Role of Professional Indemnity Insurance (PII)
PII is a prudential safeguard. The insurance policy must be secured from an authorized EU insurer and structured to cover:
Operational Risks: Losses from fraud, errors, or negligence, including system failures and data breaches.
Custody Liability: Specific coverage for the strict liability imposed on custodians.
Measurement: The PII policy coverage amount is often determined by a percentage of the annual revenue, or a dynamic calculation based on Assets Under Custody (AUC) for custody providers, ensuring the cover reflects the potential exposure to client losses.
CASP Preparedness Checklist: Mitigating Administrative Risk
A proactive approach to the MiCA transition minimizes the risk of enforcement actions by the Bulgarian competent authority.

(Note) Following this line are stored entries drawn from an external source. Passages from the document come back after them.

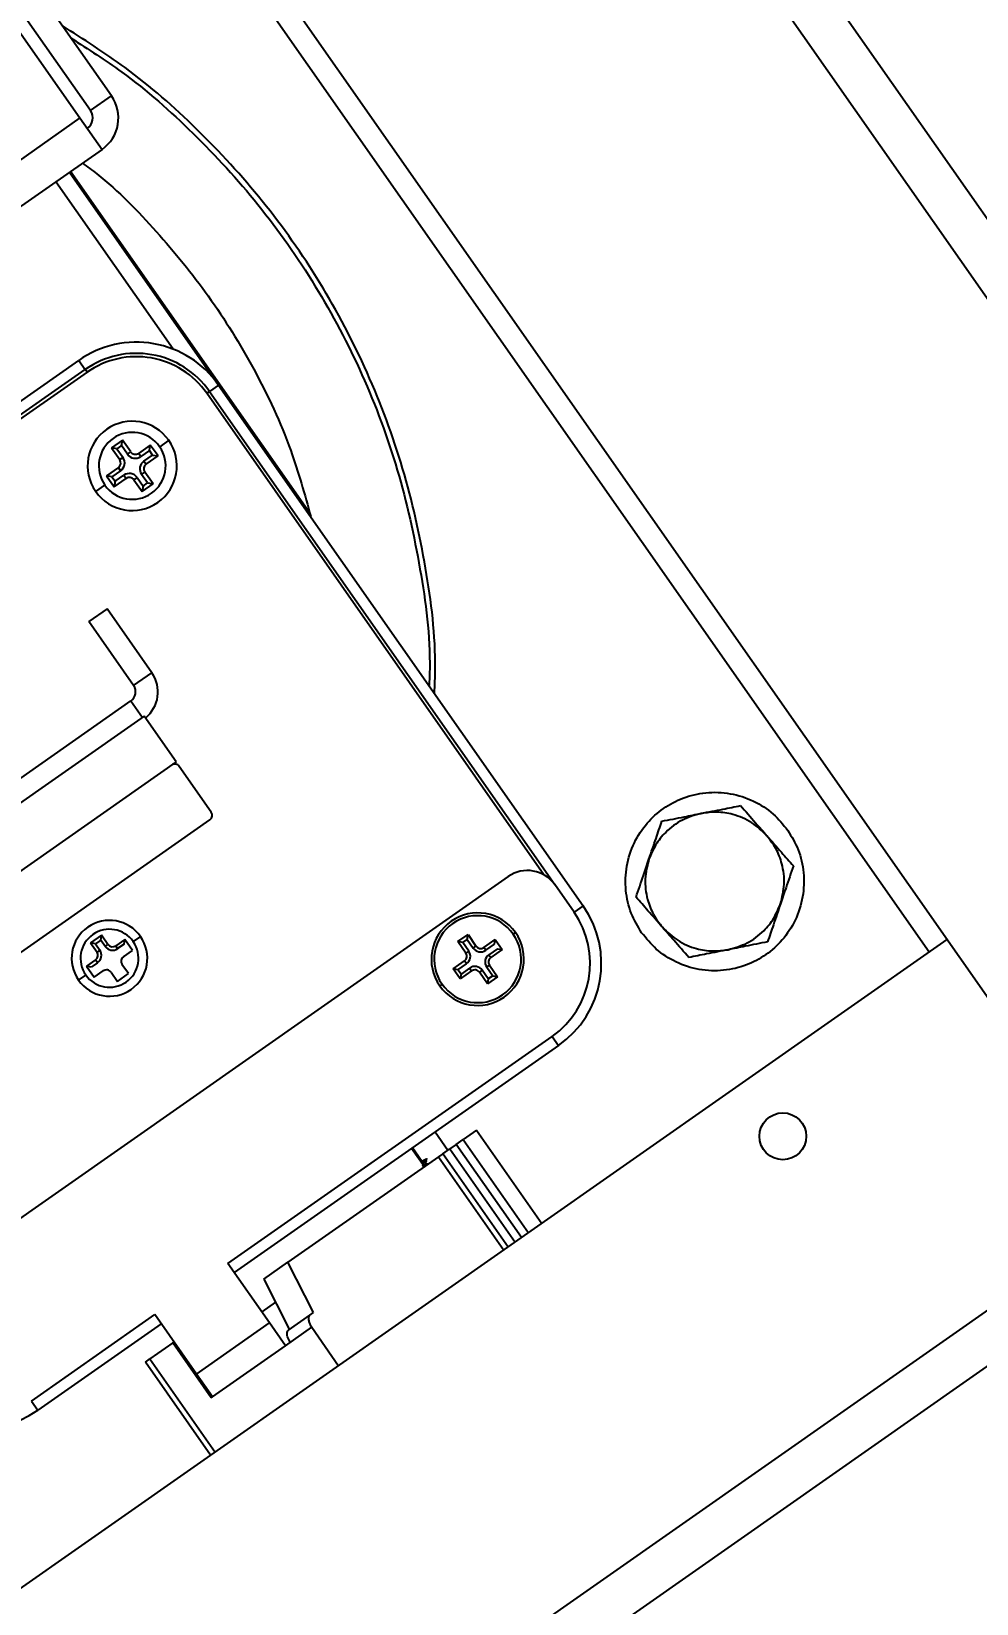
# Model space of a CAD drawing. Header units: millimetres. Extents: x 152904052 to 153933663, y 538271515 to 539240469.
# Drawn here: x 153453275 to 153453359.7, y 538569999.6 to 538570140.6 of the extents above; entities that cross this region are included whole.
import ezdxf
from ezdxf.enums import TextEntityAlignment as Align

# ---------------------------------------------------------------- set-up
doc = ezdxf.new("R2010")
doc.units = ezdxf.units.MM
doc.layers.add('POWR', color=5, linetype='Continuous')
doc.layers.add('TEXT', color=7, linetype='Continuous')
doc.styles.get("Standard").update_dxf_attribs({"font": 'Gulim.ttf'})

msp = doc.modelspace()

# ---------------------------------------------------------------- linework, layer by layer
at = {"layer": 'POWR', "color": 7}
for p, q in [((153452936.32, 538570729.81), (153453406.66, 538570058.11)), ((153452932.96, 538570727.46), (153453403.3, 538570055.76)), ((153452903.56, 538570706.87), (153453373.89, 538570035.16)), ((153453355.45, 538570058.02), (153453234.99, 538570230.04)), ((153453282.14, 538570134.81), (153453264.22, 538570160.41)), ((153453280.26, 538570133.49), (153453262.33, 538570159.09)), ((153453268.36, 538570148.48), (153453279.32, 538570132.83)), ((153453280.26, 538570133.49), (153453282.14, 538570134.81)), ((153453279.32, 538570132.83), (153453226.95, 538570096.16)), ((153453279.32, 538570132.83), (153453281.3, 538570130.01)), ((153453281.3, 538570130.01), (153453259.79, 538570114.95)), ((153453287.67, 538570112.1), (153453277.16, 538570127.11)), ((153453278.39, 538570127.97), (153453291.75, 538570108.88)), ((153453299.93, 538570097.38), (153453278.47, 538570128.03)), ((153453232.53, 538570078.4), (153453279.22, 538570111.09)), ((153453233.1, 538570077.58), (153453279.79, 538570110.27)), ((153453279.22, 538570111.09), (153453279.79, 538570110.27)), ((153453279.96, 538570110.03), (153453279.79, 538570110.27)), ((153453279.96, 538570110.03), (153453233.27, 538570077.33)), ((153453291.75, 538570108.88), (153453290.93, 538570108.31)), ((153453291.75, 538570108.88), (153453324.45, 538570062.19)), ((153453290.69, 538570108.14), (153453290.93, 538570108.31)), ((153453320.91, 538570064.97), (153453290.69, 538570108.14)), ((153453290.93, 538570108.31), (153453321.91, 538570064.08)), ((153453283.13, 538570103.94), (153453282.14, 538570103.25)), ((153453282.14, 538570103.25), (153453282.89, 538570102.19)), ((153453282.63, 538570103.17), (153453282.14, 538570103.25)), ((153453283.04, 538570103.45), (153453282.63, 538570103.17)), ((153453282.63, 538570103.17), (153453283.18, 538570102.39)), ((153453283.04, 538570103.45), (153453283.13, 538570103.94)), ((153453283.58, 538570102.68), (153453283.04, 538570103.45)), ((153453283.87, 538570102.88), (153453283.13, 538570103.94)), ((153453285.63, 538570103.5), (153453284.57, 538570102.75)), ((153453285.55, 538570103.01), (153453285.63, 538570103.5)), ((153453286.32, 538570102.52), (153453285.63, 538570103.5)), ((153453287.29, 538570103.93), (153453286.47, 538570103.35)), ((153453283.18, 538570102.39), (153453282.89, 538570102.19)), ((153453283.58, 538570102.68), (153453283.87, 538570102.88)), ((153453284.77, 538570102.47), (153453284.57, 538570102.75)), ((153453285.55, 538570103.01), (153453284.77, 538570102.47)), ((153453285.05, 538570102.06), (153453285.83, 538570102.6)), ((153453285.05, 538570102.06), (153453285.26, 538570101.77)), ((153453285.26, 538570101.77), (153453286.32, 538570102.52)), ((153453285.83, 538570102.6), (153453285.55, 538570103.01)), ((153453285.83, 538570102.6), (153453286.32, 538570102.52)), ((153453282.77, 538570101.49), (153453281.7, 538570100.75)), ((153453281.7, 538570100.75), (153453282.39, 538570099.76)), ((153453282.19, 538570100.66), (153453281.7, 538570100.75)), ((153453282.97, 538570101.2), (153453282.19, 538570100.66)), ((153453282.19, 538570100.66), (153453282.48, 538570100.25)), ((153453282.39, 538570099.76), (153453283.45, 538570100.51)), ((153453282.48, 538570100.25), (153453282.39, 538570099.76)), ((153453282.48, 538570100.25), (153453283.25, 538570100.8)), ((153453282.97, 538570101.2), (153453282.77, 538570101.49)), ((153453283.25, 538570100.8), (153453283.45, 538570100.51)), ((153453284.44, 538570100.59), (153453284.15, 538570100.39)), ((153453284.15, 538570100.39), (153453284.9, 538570099.32)), ((153453284.44, 538570100.59), (153453284.98, 538570099.81)), ((153453284.85, 538570100.87), (153453285.13, 538570101.08)), ((153453285.39, 538570100.1), (153453284.85, 538570100.87)), ((153453285.88, 538570100.01), (153453285.13, 538570101.08)), ((153453280.73, 538570099.34), (153453281.55, 538570099.91)), ((153453284.9, 538570099.32), (153453285.88, 538570100.01)), ((153453284.98, 538570099.81), (153453284.9, 538570099.32)), ((153453284.98, 538570099.81), (153453285.39, 538570100.1)), ((153453285.39, 538570100.1), (153453285.88, 538570100.01)), ((153453281.75, 538570088.82), (153453280.11, 538570087.67)), ((153453284.13, 538570081.94), (153453280.11, 538570087.67)), ((153453285.77, 538570083.08), (153453281.75, 538570088.82)), ((153453284.13, 538570081.94), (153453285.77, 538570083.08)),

| Area of Preparation | Key Action for Risk Mitigation | |
| Governance Structure | Revise internal structures to establish independent Compliance, Risk Management, and Internal Audit roles (MiCA mandatory). | |
| Capital Readiness | Secure sufficient capital buffers (€50K – €150K) to meet the minimum initial capital and ongoing prudential safeguard requirements. | |
| IT Audit & Security | Conduct an independent, DORA-compliant audit of IT systems and conduct penetration testing. | |
| Insurance Policy | Secure quotations and initial agreements for Professional Indemnity Insurance (PII) to cover operational liability risks (especially for custody). | |
| Client Disclosure | Prepare MiCA-compliant White Papers and enhanced risk disclosure documents for all crypto-assets offered. | |
| Technical Readiness | Implement and test multi-signature and Quorum Requirements for private key management (custody). |
Request more information
Governance, Internal Audit, and Fit and Proper Standards
The transition demands a profound shift in corporate governance, moving Bulgarian CASPs toward the standards of regulated financial institutions.
MiCA’s Rigorous Fit and Proper Assessment
The Fit and Proper Test will be applied by the FSC to a broad group of key personnel.
Scope Expansion: The assessment covers all members of the Management Body, the Supervisory Body, and key function holders.
Competence and Integrity: Regulators assess integrity and the collective competence of the Management Body to oversee DLT, cybersecurity, and financial risks. Bulgarian regulators specifically look for a strong blend of local operational expertise and international crypto experience.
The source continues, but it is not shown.